If you’re praising “American ingenuity” because a teacher used shower curtains and pvc pipes and empty milk jugs or whatever to create a “safer” learning environment for their students, I want you to stop for just a minute and think.

Who paid for the plexiglass separators between you and your cashier at the grocery store?

Who paid for the signage imploring its customers to socially distance?

Who paid for the extra masks to hand out in case a patron forgot theirs?

Did the cashiers set up a GoFundMe to pay for all these things? Did the store managers take a trip to Lowe’s and bulk order plexiglass and then spend a weekend cutting them to size in his garage?

Or did corporate spring for it?

If you’re screaming for schools to reopen, are you also screaming at your congressional representatives, state legislators, governors to provide emergency funds to your district to ensure the safety of teachers, students, custodians, secretaries, paras, and administrators?

Or are you looking at these reconfigured classrooms, feeling a sense of satisfaction and maybe even pride that a teacher “figured something out” and then you send it to all your teacher friends suggesting it as something they should spend their own money on creating?

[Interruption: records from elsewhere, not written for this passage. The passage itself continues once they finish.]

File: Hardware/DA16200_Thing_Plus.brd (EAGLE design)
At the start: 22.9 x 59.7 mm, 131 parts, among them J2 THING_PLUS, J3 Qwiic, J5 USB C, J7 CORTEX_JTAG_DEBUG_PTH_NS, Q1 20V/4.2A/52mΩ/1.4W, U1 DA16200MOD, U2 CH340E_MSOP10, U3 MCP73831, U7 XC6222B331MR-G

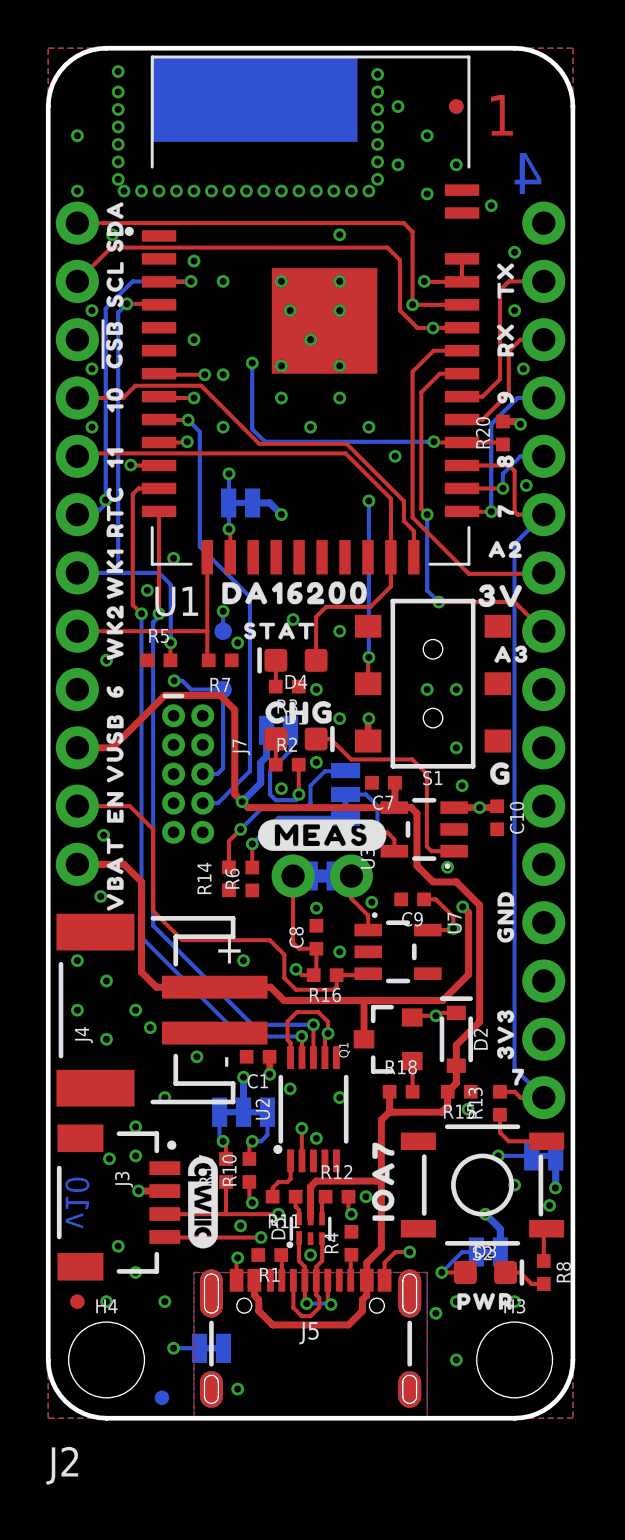
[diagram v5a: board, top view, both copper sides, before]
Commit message: Run through engineering checklist
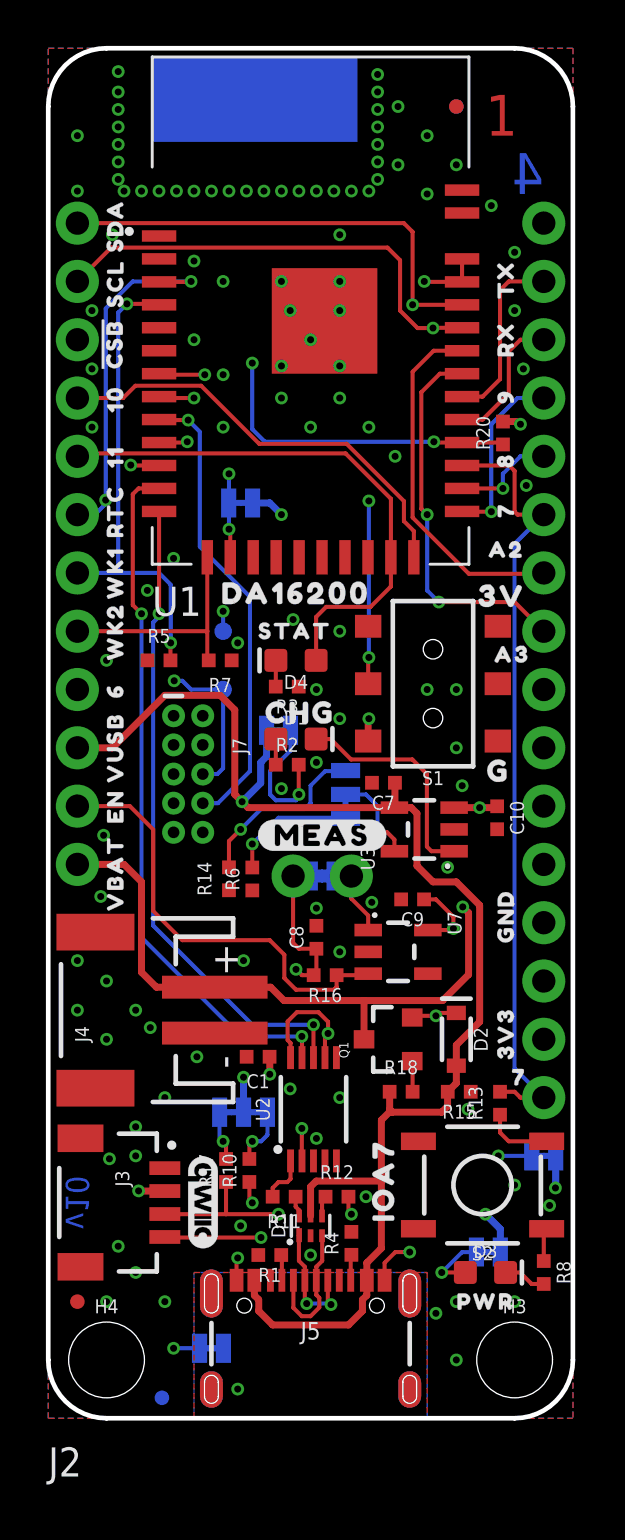
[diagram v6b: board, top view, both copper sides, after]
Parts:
- moved U$1 0.63 mm to (8.64, 34.3)
- moved U$4 0.18 mm to (18.4, 28.2)
- moved D5 0.13 mm to (11.4, 8.38)
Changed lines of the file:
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@@
 <?xml version="1.0" encoding="utf-8"?>
 <!DOCTYPE eagle SYSTEM "eagle.dtd">
-<eagle version="9.4.2">
+<eagle version="9.5.2">
 <drawing>
 <settings>
@@
 <layer number="38" name="bTest" color="7" fill="1" visible="no" active="yes"/>
 <layer number="39" name="tKeepout" color="4" fill="11" visible="yes" active="yes"/>
-<layer number="40" name="bKeepout" color="1" fill="11" visible="yes" active="yes"/>
+<layer number="40" name="bKeepout" color="1" fill="11" visible="no" active="yes"/>
 <layer number="41" name="tRestrict" color="4" fill="10" visible="no" active="yes"/>
 <layer number="42" name="bRestrict" color="1" fill="10" visible="no" active="yes"/>
@@
 <layer number="45" name="Holes" color="7" fill="1" visible="yes" active="yes"/>
 <layer number="46" name="Milling" color="3" fill="1" visible="no" active="yes"/>
-<layer number="47" name="Measures" color="7" fill="1" visible="no" active="yes"/>
+<layer number="47" name="Measures" color="7" fill="1" visible="yes" active="yes"/>
 <layer number="48" name="Document" color="7" fill="1" visible="no" active="yes"/>
 <layer number="49" name="Reference" color="7" fill="1" visible="no" active="yes"/>
@@
 <dimension x1="0" y1="0" x2="2.54" y2="2.54" x3="1.27" y3="-3.81" textsize="1.27" textratio="15" layer="47" dtype="horizontal" unit="inch"/>
 <dimension x1="0" y1="0" x2="2.54" y2="2.54" x3="-2.54" y3="1.27" textsize="1.27" textratio="15" layer="47" dtype="vertical" unit="inch"/>
-<text x="7.239" y="19.812" size="1.27" layer="21" font="vector" ratio="15">+</text>
+<text x="7.112" y="19.431" size="1.27" layer="21" font="vector" ratio="15">+</text>
 <text x="8.255" y="15.24" size="1.27" layer="21" font="vector" ratio="15" rot="R90">-</text>
 <text x="13.081" y="-19.177" size="1.778" layer="51" font="vector" ratio="15">Priyanka Makin</text>
@@
 <attribute name="VALUE" x="19.177" y="8.382" size="0.6096" layer="28" font="vector" ratio="20" rot="MR180" align="top-center"/>
 </element>
-<element name="D5" library="SparkFun-IC-Power" package="SOT886" value="PRTR5V0U2F" x="11.43" y="8.255" smashed="yes" rot="R90">
-<attribute name="NAME" x="10.33" y="8.255" size="0.6096" layer="25" ratio="20" rot="R90" align="bottom-center"/>
-<attribute name="PROD_ID" value="DIO-14084" x="11.43" y="8.255" size="1.778" layer="27" font="vector" ratio="15" rot="R90" display="off"/>
-<attribute name="VALUE" x="12.33" y="8.255" size="0.6096" layer="27" ratio="20" rot="R90" align="top-center"/>
+<element name="D5" library="SparkFun-IC-Power" package="SOT886" value="PRTR5V0U2F" x="11.43" y="8.382" smashed="yes" rot="R90">
+<attribute name="NAME" x="10.33" y="8.382" size="0.6096" layer="25" ratio="20" rot="R90" align="bottom-center"/>
+<attribute name="PROD_ID" value="DIO-14084" x="11.43" y="8.382" size="1.778" layer="27" font="vector" ratio="15" rot="R90" display="off"/>
+<attribute name="VALUE" x="12.33" y="8.382" size="0.6096" layer="27" ratio="20" rot="R90" align="top-center"/>
 </element>
 <element name="R11" library="SparkFun-Resistors" package="0402-TIGHT" value="27" x="10.279" y="9.652" smashed="yes" rot="R180">
@@
 <element name="U$84" library="output" package="#LED#0" value="" x="18.288" y="7.239" smashed="yes" rot="MR0"/>
 <element name="U$85" library="output" package="#SHLD#0" value="" x="13.208" y="2.921" smashed="yes" rot="MR0"/>
-<element name="U$1" library="output" package="STAT0" value="" x="8.001" y="34.29" smashed="yes"/>
+<element name="U$1" library="output" package="STAT0" value="" x="8.636" y="34.29" smashed="yes"/>
 <element name="U$2" library="output" package="CHG0" value="" x="8.763" y="30.734" smashed="yes"/>
 <element name="U$5" library="output" package="##RST##0" value="" x="21.209" y="13.97" smashed="yes" rot="MR0"/>
@@
 <attribute name="VALUE" x="16.764" y="35.814" size="0.6096" layer="27" font="vector" ratio="20" rot="R180" align="top-center"/>
 </element>
-<element name="U$4" library="output" package="G0" value="" x="18.542" y="28.067" smashed="yes"/>
+<element name="U$4" library="output" package="G0" value="" x="18.415" y="28.194" smashed="yes"/>
 <element name="U$9" library="output" package="3V0" value="" x="18.034" y="35.814" smashed="yes"/>
 <element name="CHG_LED" library="SparkFun-Jumpers" package="SMT-JUMPER_2_NC_TRACE_SILK" package3d_urn="urn:adsk.eagle:package:39281/1" value="JUMPER-SMT_2_NC_TRACE_SILK" x="10.033" y="29.972" smashed="yes" rot="MR0">
@@
 <wire x1="13.6902" y1="4.6732" x2="13.6902" y2="5.165875" width="0.3048" layer="1"/>
 <wire x1="11.6757875" y1="10.333" x2="11.43" y2="10.0872125" width="0.3048" layer="1"/>
-<wire x1="11.43" y1="8.685" x2="11.43" y2="10.0872125" width="0.3048" layer="1"/>
+<wire x1="11.43" y1="8.812" x2="11.43" y2="10.0872125" width="0.3048" layer="1"/>
 <wire x1="14.515" y1="10.333" x2="14.515" y2="7.407" width="0.3048" layer="1"/>
 <wire x1="14.515" y1="7.407" x2="13.88" y2="6.772" width="0.3048" layer="1"/>
@@
 <contactref element="R16" pad="2"/>
 <contactref element="C8" pad="1"/>
-<contactref element="MEAS" pad="3"/>
-<contactref element="MEAS" pad="1"/>
 <wire x1="11.565" y1="19.304" x2="11.684" y2="19.423" width="0.1778" layer="1"/>
 <wire x1="11.684" y1="19.423" x2="11.684" y2="20.455" width="0.1778" layer="1"/>
@@
 <wire x1="16.891" y1="18.549" x2="15.882" y2="19.558" width="0.1778" layer="15"/>
 <via x="16.891" y="17.533" extent="1-16" drill="0.3048"/>
+<contactref element="MEAS" pad="1"/>
+<contactref element="MEAS" pad="3"/>
+<wire x1="10.668" y1="20.709" x2="10.668" y2="23.622" width="0.1778" layer="1"/>
 <wire x1="11.43" y1="23.622" x2="10.668" y2="23.622" width="0.1778" layer="16"/>
-<wire x1="10.668" y1="20.709" x2="10.668" y2="23.622" width="0.1778" layer="1"/>
 </signal>
 <signal name="N$7">
@@
 <wire x1="11.18" y1="6.01" x2="11.18" y2="6.6" width="0.1778" layer="1"/>
 <wire x1="11.18" y1="6.6" x2="10.922" y2="6.858" width="0.1778" layer="1"/>
-<wire x1="10.922" y1="6.858" x2="10.922" y2="7.842" width="0.1778" layer="1"/>
-<wire x1="10.922" y1="7.842" x2="10.93" y2="7.85" width="0.1778" layer="1"/>
+<wire x1="10.922" y1="6.858" x2="10.922" y2="7.969" width="0.1778" layer="1"/>
+<wire x1="10.922" y1="7.969" x2="10.93" y2="7.977" width="0.1778" layer="1"/>
 </signal>
 <signal name="N$6">
@@
 <wire x1="11.68" y1="6.01" x2="11.68" y2="6.6" width="0.1778" layer="1"/>
 <wire x1="11.68" y1="6.6" x2="11.938" y2="6.858" width="0.1778" layer="1"/>
-<wire x1="11.938" y1="6.858" x2="11.938" y2="7.817" width="0.1778" layer="1"/>
-<wire x1="11.938" y1="7.817" x2="11.93" y2="7.825" width="0.1778" layer="1"/>
+<wire x1="11.938" y1="6.858" x2="11.938" y2="7.944" width="0.1778" layer="1"/>
+<wire x1="11.938" y1="7.944" x2="11.93" y2="7.952" width="0.1778" layer="1"/>
 </signal>
 <signal name="N$13">
 <contactref element="D5" pad="6"/>
 <contactref element="R11" pad="1"/>
-<wire x1="10.93" y1="8.685" x2="10.93" y2="9.066" width="0.1778" layer="1"/>
+<wire x1="10.93" y1="8.812" x2="10.93" y2="9.066" width="0.1778" layer="1"/>
 <wire x1="10.93" y1="9.066" x2="10.779" y2="9.217" width="0.1778" layer="1"/>
 <wire x1="10.779" y1="9.217" x2="10.779" y2="9.652" width="0.1778" layer="1"/>
@@
 <contactref element="D5" pad="4"/>
 <contactref element="R12" pad="1"/>
-<wire x1="11.93" y1="8.685" x2="11.93" y2="9.652" width="0.1778" layer="1"/>
+<wire x1="11.93" y1="8.812" x2="11.93" y2="9.652" width="0.1778" layer="1"/>
 <wire x1="12.081" y1="9.652" x2="11.93" y2="9.652" width="0.1778" layer="1"/>
 </signal>
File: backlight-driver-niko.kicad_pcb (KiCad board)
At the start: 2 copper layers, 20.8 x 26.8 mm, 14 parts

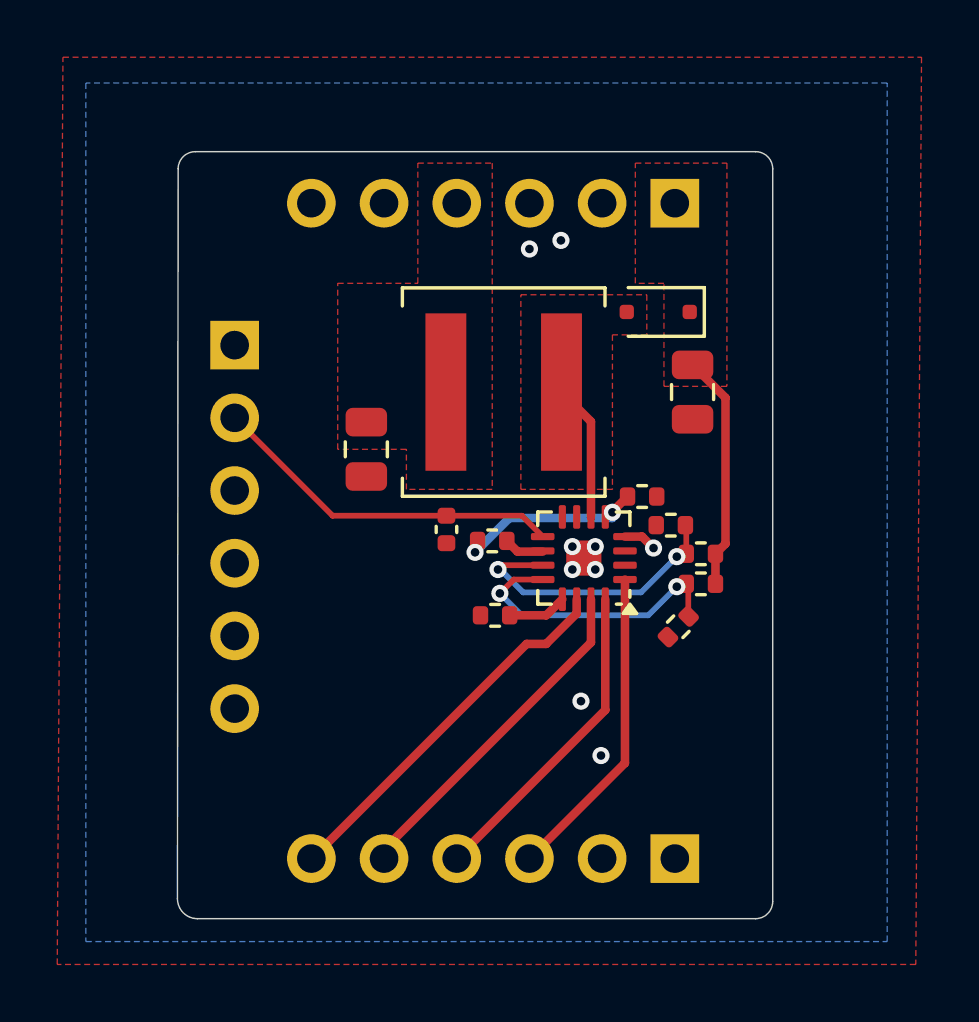
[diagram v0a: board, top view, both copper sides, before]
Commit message: Nikolite reviewed, silkscreen improved, added fuse, fixed a few small things wrt layout/sch
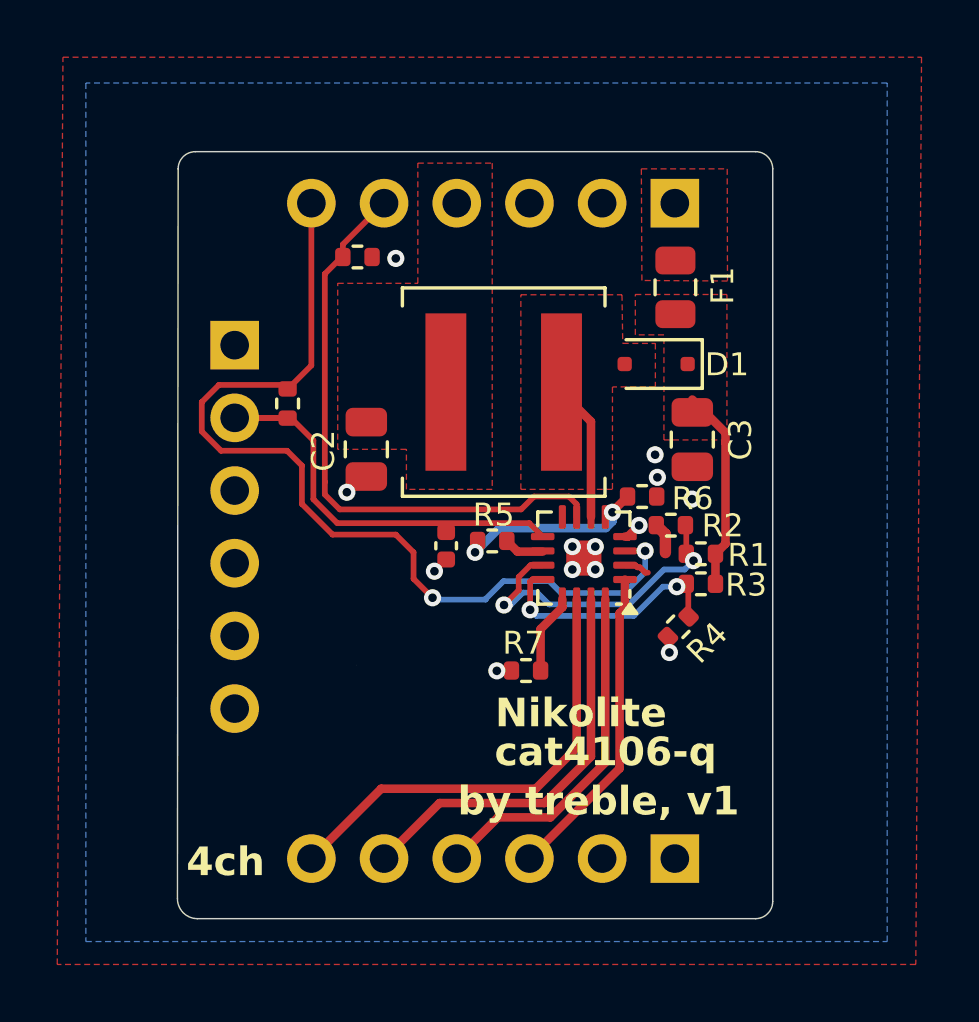
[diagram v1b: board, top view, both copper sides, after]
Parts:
- added F1: BL_Fuse, Fuse:Fuse_0805_2012Metric, F.Cu at (161.6, 89.5)
- added G***: LOGO, LOGO, F.Cu at (152.5, 103.5)
- added G***: LOGO, LOGO, B.Cu at (154.3, 93.6)
- added G***: LOGO, LOGO, B.Cu at (152.0, 101.9)
- added R8: 20K, Resistor_SMD:R_0402_1005Metric, F.Cu at (150.5, 88.5)
- added R9: 20K, Resistor_SMD:R_0402_1005Metric, F.Cu at (148.1, 93.6)
- C3: value 22uF -> 1uF
- R1: value R -> 430K
- R2, R4, R5, R6: value R -> 20K
- R3: value R -> 560K
- R7: value 4.7K -> 5.1K
- moved R7 2.21 mm to (156.4, 102.9)
- moved D1 1.82 mm to (160.9, 92.2)
- moved C3 1.66 mm to (162.2, 94.9)
- moved C1 0.57 mm to (153.6, 98.6)
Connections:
- J1 pad 1: VAD -> Net-(J1-VAD)
- J1 pad 3: unconnected-(J1-PWM-Pad3) -> L_PWM
- J1 pad 4: unconnected-(J1-Enable-Pad4) -> L_FAULT
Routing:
- net L_FAULT: track 0.00 -> 32.6 mm, vias 0 -> 2
- net L_PWM: track 0.00 -> 20.8 mm
- net +3V3: track 12.5 -> 15.5 mm
- net VCD4: track 13.3 -> 16.1 mm
- net VCD3: track 12.1 -> 14.2 mm
- net L_VFMAX: track 9.95 -> 8.43 mm
- net GND: track 1.16 -> 2.66 mm, vias 9 -> 13
- net VAD: track 8.27 -> 7.07 mm
- net VCD2: track 11.2 -> 12.3 mm
- net L_VFMIN: track 10.1 -> 11.2 mm
- net Net-(U1-RSET): track 2.07 -> 2.81 mm
- added copper zone on F.Cu, net Net-(J1-VAD)
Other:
- board text added: "3V3"
- board text added: "4ch"
- board text added: "C1"
- board text added: "C2"
- board text added: "C3"
- board text added: "C4"
- board text added: "FLT"
- board text added: "GND"
- board text added: "Nikolite"
- board text added: "PWM"
- board text added: "VAD"
- board text added: "VIN"
- board text added: "X"
- board text added: "by treble, v1"
- board text added: "cat4106-q"
- board text added: "nc"
- board text added: "trans rights"

If it’s the latter, stop. If you have suggestions for how to spend money to keep students safe, make sure you’re telling the right people: the people who control how much money school districts receive. Ask the people you elected to govern and have stewardship over your tax dollars to pay for safety measures. Stop expecting teachers to just “figure it out.”

Amen.

*Edit: Since posting this Sunday morning, I’ve been told that there is a stash of Kleenex available to teachers in my building. I was told one year it no longer would be provided, and never checked back to see if things had changed. Apparently it has, though I was not told explicitly and don’t recall receiving any official notification that such supplies were available to staff.